NASA's X-43 (Article from http://www.universetoday.com/tag/hyper-sonic/)
Hyper sonic (or hypersonic) speeds are defined as those greater than or equal to Mach 5. Meaning, at least five times the speed of sound.
Among the supersonic (faster than sound) planes in the world, only two can be considered of the hyper sonic kind: the X-43A and X-15. Not even the SR-71, which already cruises at Mach 3 can make it to this extremely short list. Well, you may add the Space Shuttle, which is part aircraft part spacecraft, to this list if you want. The Space Shuttle can reach up to Mach 25.
The aircraft that holds the record as the fastest is NASA's X-43A. Having reached Mach 9.6, this unmanned aircraft can definitely be considered a hyper sonic. X-43s are powered by highly modified ramjets called scramjets or Supersonic Combustion Ramjets. When the designers of this record-breaking engine first started out, they claimed such jets could top at Mach 15.

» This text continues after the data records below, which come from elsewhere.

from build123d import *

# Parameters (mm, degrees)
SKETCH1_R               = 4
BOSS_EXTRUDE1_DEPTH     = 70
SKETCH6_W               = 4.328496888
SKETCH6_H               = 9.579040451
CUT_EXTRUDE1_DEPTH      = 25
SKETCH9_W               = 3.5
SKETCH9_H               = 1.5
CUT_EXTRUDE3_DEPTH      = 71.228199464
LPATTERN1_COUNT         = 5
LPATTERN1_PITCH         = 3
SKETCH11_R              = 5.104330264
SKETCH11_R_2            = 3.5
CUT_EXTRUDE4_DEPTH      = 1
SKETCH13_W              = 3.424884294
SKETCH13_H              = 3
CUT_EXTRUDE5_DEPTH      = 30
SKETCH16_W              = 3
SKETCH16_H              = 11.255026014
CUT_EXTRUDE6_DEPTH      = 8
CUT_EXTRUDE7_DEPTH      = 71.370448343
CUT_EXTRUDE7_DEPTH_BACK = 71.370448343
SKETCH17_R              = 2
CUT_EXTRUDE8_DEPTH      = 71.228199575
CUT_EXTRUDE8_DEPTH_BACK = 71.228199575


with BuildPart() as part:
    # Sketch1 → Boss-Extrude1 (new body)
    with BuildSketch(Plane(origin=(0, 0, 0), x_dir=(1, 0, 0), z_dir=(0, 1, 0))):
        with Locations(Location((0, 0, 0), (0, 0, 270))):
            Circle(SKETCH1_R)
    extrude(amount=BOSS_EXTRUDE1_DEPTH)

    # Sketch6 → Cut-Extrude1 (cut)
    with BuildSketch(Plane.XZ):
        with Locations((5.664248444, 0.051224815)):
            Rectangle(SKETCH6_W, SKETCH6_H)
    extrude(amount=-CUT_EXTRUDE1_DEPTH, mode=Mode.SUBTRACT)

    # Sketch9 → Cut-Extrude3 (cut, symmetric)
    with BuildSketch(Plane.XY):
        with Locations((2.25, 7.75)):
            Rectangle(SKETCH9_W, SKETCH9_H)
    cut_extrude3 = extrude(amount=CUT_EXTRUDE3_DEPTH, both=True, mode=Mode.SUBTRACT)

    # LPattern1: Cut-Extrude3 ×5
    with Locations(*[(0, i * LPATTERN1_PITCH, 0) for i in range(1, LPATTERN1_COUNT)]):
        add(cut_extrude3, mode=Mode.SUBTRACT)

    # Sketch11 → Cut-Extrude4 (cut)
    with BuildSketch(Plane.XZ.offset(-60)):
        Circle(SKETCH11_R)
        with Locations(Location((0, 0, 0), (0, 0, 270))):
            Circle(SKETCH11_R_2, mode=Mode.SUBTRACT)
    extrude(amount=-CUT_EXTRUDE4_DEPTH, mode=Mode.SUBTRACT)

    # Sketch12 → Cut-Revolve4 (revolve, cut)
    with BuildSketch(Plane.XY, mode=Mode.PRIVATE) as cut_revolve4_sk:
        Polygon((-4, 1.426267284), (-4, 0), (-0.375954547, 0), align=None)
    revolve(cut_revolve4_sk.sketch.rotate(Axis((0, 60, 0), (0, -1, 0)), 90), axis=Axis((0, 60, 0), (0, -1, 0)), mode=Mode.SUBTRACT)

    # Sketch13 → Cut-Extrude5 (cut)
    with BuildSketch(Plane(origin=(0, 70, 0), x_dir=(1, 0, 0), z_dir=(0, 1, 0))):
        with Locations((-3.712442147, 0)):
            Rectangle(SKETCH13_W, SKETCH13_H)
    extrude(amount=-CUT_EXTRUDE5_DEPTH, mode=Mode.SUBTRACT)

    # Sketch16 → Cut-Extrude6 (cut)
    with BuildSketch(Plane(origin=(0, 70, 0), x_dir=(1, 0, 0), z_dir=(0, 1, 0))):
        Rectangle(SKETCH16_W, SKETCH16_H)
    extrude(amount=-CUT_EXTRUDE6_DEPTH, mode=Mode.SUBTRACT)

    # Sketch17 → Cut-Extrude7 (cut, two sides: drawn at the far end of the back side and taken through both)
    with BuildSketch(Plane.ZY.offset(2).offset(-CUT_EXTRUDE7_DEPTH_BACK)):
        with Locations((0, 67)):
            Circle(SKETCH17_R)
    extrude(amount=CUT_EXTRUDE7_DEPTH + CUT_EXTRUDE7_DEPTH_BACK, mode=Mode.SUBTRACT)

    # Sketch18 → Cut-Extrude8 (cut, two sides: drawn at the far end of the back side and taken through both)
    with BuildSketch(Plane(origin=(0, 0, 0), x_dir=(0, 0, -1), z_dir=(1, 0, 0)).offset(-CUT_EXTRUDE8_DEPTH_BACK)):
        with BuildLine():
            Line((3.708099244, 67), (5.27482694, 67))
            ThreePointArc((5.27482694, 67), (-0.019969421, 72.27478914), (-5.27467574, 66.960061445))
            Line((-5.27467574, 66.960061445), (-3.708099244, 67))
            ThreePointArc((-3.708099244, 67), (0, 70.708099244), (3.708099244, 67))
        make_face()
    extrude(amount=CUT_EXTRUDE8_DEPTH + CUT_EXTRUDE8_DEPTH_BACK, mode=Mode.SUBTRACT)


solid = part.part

It is too early to tell whether they overestimated the capabilities of this particular technology.
Regardless whether the Mach 15 barrier can be breached by a scramjet powered aircraft, it looks like NASA is hell-bent (as always) on making new hyper sonic records in the not-so-distant future. Already they have partnered with universities and industries in California, Texas and Virginia, designating them as national hyper sonic science centers.
The main objective of these centers is to design more powerful propulsion systems as well as other aircraft components that, when brought together, will usher in a new breed of hyper sonic planes. The University of Virginia in Charlottesville, Texas A&M University in College Station, and Teledyne Scientific & Imaging LLC of Thousand Oaks, California, have been tapped for this purpose.
There are certain things to consider when designing an aircraft that might reach hyper sonic speeds. Perhaps the most crucial is the temperature of flow around the aircraft. At such fast speeds, the temperature can rise very high. This can affect the chemical properties of the air around it. Even low hypersonic speeds (a little over Mach 5) can provide the conditions that will allow molecular bonds to vibrate vigorously.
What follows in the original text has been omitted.